[Start of section]
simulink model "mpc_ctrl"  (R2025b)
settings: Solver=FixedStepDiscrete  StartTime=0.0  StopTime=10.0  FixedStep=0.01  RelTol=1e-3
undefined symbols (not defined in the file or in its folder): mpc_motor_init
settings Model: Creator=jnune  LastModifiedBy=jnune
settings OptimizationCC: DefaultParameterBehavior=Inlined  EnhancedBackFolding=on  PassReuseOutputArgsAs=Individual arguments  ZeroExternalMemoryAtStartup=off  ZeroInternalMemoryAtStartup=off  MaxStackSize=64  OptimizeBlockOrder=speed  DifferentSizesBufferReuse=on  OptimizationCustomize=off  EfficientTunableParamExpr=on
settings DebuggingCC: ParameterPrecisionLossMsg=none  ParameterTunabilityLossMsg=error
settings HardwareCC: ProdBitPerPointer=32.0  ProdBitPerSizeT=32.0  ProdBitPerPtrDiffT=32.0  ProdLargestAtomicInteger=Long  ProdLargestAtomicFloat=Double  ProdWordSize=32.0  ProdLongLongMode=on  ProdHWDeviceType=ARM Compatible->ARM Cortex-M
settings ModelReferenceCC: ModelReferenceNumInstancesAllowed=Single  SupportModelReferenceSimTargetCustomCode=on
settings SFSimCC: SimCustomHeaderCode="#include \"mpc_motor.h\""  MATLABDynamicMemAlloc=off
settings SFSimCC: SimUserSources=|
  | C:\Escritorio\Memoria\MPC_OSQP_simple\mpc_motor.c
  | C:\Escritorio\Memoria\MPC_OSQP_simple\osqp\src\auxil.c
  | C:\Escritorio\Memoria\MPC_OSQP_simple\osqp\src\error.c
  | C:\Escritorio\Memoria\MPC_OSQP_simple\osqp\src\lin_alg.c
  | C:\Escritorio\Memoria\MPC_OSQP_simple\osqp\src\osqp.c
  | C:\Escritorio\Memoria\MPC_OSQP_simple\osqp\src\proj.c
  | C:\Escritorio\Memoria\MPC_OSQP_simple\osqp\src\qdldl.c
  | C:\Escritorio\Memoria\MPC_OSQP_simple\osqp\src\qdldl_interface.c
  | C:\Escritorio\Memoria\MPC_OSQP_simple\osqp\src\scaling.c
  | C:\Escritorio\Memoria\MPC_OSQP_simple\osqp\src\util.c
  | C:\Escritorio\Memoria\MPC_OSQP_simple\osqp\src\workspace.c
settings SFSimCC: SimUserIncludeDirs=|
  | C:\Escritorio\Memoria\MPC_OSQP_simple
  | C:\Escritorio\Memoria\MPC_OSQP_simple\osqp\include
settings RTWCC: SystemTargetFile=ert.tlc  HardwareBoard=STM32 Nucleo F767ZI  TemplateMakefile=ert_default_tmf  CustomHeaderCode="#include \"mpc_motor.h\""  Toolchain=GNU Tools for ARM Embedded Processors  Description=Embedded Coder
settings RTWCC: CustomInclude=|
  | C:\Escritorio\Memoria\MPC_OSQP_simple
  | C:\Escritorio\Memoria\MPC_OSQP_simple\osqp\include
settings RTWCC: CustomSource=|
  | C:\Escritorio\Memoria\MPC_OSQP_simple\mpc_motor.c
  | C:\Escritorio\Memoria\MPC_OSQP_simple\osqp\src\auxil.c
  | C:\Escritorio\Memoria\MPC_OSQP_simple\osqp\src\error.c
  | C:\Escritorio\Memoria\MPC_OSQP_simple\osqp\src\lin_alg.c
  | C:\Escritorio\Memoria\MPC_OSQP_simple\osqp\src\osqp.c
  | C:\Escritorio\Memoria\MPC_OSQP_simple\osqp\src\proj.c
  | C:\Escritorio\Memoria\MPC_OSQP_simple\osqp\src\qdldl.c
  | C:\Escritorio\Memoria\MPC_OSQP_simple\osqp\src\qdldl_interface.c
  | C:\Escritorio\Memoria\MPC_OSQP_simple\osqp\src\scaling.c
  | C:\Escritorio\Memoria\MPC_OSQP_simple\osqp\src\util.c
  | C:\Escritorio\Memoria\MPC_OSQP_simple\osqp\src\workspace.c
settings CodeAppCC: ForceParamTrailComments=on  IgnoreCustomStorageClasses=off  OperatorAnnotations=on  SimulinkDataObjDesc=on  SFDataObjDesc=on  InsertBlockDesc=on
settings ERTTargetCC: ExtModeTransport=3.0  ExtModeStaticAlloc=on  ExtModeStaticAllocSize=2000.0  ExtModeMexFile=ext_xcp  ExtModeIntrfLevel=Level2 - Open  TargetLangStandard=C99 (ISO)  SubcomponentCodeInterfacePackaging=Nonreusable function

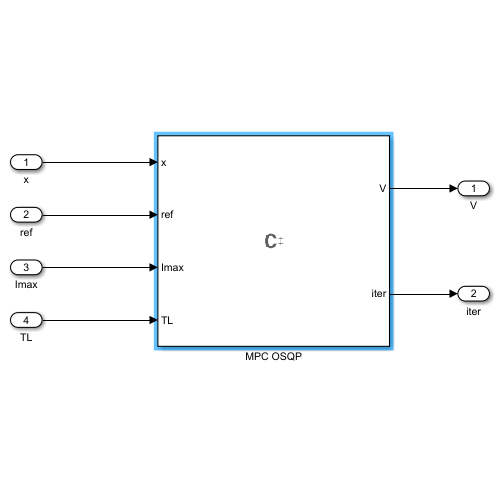
[thumbnail: Simulink's stored preview of the top-level diagram]
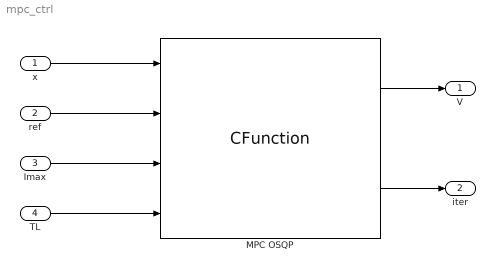
== system mpc_ctrl ==
  x : Inport  PortDimensions=2  SampleTime=0.01
  ref : Inport  Port=2  PortDimensions=1  SampleTime=0.01
  Imax : Inport  Port=3  PortDimensions=1  SampleTime=0.01
  TL : Inport  Port=4  PortDimensions=1  SampleTime=0.01
  MPC OSQP : CFunction  OutputCode=|  StartCode=mpc_motor_init();  CodegenOutputCode=|  CodegenStartCode=mpc_motor_init();  SampleTime=0.01  CustomCodeSettingLocation=ModelConfigurationParameters
      OutputCode=|
      | double v;
      | iter = mpc_motor_step(x, ref, Imax, TL, &v);
      | V = v;
      CodegenOutputCode=|
      | double v;
      | iter = mpc_motor_step(x, ref, Imax, TL, &v);
      | V = v;
  V : Outport
  iter : Outport  Port=2
  wires:
  x/1 -> MPC OSQP/1
  ref/1 -> MPC OSQP/2
  Imax/1 -> MPC OSQP/3
  TL/1 -> MPC OSQP/4
  MPC OSQP/1 -> V/1
  MPC OSQP/2 -> iter/1
[End of section]
== Directions for this task ==
Your answer should be a single number: the count of lines in the listing that contain the word "SampleTime".

== Solution to this exercise ==
5